EXERCISE DESCRIPTION: The answer must be every line of the records below that contains the word "solid", copied out.

DATA FOR THIS TASK:
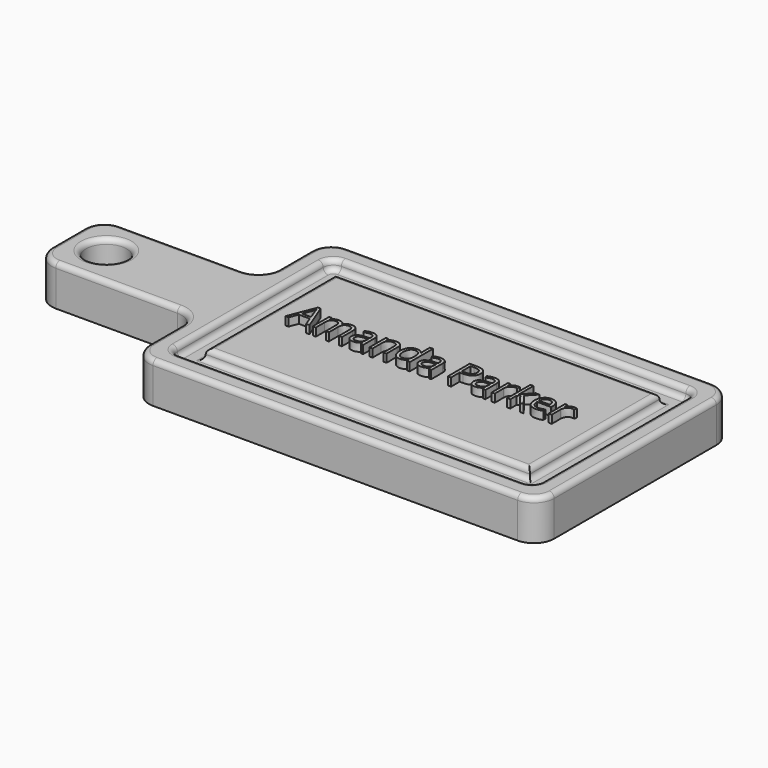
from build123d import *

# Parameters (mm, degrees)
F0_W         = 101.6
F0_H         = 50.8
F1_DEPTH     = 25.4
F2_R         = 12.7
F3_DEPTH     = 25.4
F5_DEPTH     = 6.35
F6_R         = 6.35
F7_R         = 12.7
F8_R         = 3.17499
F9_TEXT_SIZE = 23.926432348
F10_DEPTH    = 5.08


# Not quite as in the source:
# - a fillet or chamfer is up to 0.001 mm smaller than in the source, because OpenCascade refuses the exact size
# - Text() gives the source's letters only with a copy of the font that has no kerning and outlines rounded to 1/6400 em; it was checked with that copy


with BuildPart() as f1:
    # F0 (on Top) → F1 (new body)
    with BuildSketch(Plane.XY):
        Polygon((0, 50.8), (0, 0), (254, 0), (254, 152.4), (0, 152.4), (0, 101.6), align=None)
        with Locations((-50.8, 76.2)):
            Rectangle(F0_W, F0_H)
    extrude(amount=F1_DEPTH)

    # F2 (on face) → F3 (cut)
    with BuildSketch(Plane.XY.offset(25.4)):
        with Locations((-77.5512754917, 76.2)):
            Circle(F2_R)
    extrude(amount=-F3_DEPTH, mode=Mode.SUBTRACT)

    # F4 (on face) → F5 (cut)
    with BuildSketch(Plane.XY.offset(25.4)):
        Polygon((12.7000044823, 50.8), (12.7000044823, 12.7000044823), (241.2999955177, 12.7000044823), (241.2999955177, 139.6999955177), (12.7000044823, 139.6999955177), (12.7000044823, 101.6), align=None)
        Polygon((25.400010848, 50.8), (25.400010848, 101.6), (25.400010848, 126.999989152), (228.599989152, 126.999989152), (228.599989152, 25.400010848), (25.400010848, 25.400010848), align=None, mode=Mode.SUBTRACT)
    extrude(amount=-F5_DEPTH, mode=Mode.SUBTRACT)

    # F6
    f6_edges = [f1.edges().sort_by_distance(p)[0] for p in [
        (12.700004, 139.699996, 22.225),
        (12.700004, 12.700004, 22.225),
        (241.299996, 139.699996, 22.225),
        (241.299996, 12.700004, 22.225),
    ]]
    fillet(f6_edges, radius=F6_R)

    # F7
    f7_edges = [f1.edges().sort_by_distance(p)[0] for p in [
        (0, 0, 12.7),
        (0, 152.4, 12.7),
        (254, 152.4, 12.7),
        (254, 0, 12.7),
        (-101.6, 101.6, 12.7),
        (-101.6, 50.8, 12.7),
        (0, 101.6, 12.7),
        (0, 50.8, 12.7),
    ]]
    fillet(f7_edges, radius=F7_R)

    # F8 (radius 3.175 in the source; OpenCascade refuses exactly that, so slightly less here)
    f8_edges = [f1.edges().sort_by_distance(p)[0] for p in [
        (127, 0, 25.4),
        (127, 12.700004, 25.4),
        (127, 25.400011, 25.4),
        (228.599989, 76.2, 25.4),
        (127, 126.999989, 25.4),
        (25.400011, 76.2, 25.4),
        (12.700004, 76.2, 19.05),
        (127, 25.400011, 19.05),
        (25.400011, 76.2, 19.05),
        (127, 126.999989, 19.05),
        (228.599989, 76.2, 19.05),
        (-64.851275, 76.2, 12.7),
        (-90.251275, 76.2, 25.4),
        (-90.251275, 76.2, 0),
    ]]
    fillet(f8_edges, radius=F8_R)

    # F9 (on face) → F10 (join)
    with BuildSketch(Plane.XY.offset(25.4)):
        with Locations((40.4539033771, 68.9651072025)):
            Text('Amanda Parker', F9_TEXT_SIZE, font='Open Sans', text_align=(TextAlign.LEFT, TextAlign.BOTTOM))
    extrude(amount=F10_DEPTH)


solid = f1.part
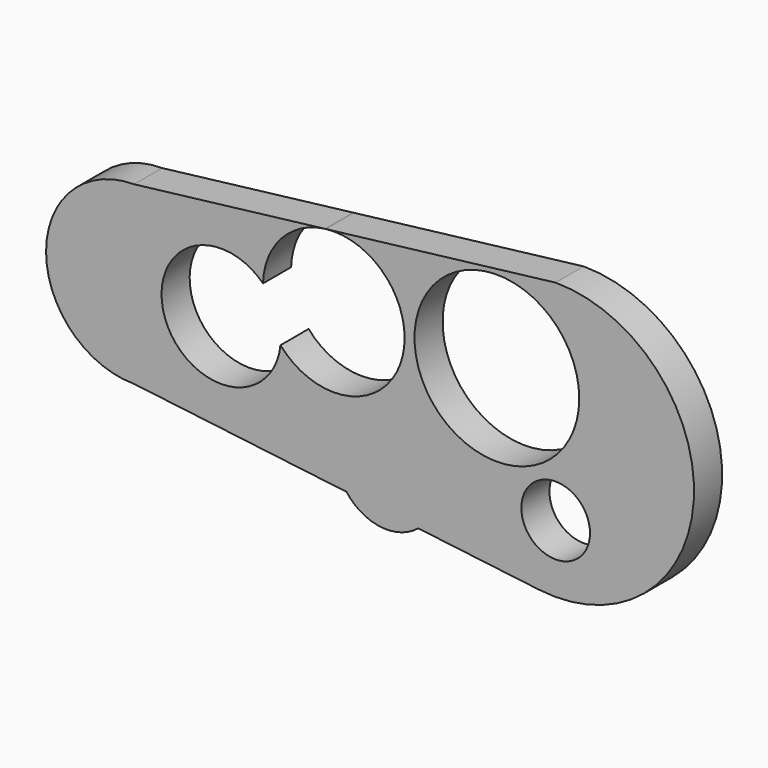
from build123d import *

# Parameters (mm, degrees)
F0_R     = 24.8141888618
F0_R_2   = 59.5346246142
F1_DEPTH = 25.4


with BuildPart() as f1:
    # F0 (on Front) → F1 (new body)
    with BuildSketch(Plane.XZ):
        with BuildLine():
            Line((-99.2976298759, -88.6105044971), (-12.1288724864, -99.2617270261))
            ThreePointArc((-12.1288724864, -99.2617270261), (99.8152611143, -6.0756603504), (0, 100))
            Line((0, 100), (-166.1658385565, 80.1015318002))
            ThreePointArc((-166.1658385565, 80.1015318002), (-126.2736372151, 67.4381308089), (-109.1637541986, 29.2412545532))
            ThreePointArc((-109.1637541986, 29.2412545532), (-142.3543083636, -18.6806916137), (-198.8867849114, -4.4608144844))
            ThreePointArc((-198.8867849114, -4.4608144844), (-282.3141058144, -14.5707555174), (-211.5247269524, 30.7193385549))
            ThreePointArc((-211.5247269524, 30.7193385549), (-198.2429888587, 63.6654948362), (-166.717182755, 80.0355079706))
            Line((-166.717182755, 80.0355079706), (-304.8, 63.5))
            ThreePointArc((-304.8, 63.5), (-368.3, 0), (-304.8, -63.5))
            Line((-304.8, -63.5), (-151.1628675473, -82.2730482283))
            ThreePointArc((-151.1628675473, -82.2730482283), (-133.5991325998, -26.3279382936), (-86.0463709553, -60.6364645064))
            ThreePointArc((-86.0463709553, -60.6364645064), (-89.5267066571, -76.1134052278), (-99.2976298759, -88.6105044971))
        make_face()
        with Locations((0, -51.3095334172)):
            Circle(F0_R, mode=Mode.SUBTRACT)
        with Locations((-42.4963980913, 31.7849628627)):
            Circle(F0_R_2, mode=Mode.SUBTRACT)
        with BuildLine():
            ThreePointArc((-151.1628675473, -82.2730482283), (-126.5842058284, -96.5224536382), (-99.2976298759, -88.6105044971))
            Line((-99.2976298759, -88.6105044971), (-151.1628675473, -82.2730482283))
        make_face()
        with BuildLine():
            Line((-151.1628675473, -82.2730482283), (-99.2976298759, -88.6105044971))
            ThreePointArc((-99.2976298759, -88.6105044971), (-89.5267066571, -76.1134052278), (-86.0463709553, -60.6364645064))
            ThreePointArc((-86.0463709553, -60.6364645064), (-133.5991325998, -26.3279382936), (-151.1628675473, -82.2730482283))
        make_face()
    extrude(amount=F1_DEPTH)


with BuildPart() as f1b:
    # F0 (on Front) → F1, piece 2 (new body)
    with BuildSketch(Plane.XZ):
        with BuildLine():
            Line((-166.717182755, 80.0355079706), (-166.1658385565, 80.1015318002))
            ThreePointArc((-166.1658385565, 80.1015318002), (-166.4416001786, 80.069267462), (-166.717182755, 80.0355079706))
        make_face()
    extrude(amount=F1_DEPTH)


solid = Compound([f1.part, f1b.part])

RESULT:
solid = f1.part
solid = Compound([f1.part, f1b.part])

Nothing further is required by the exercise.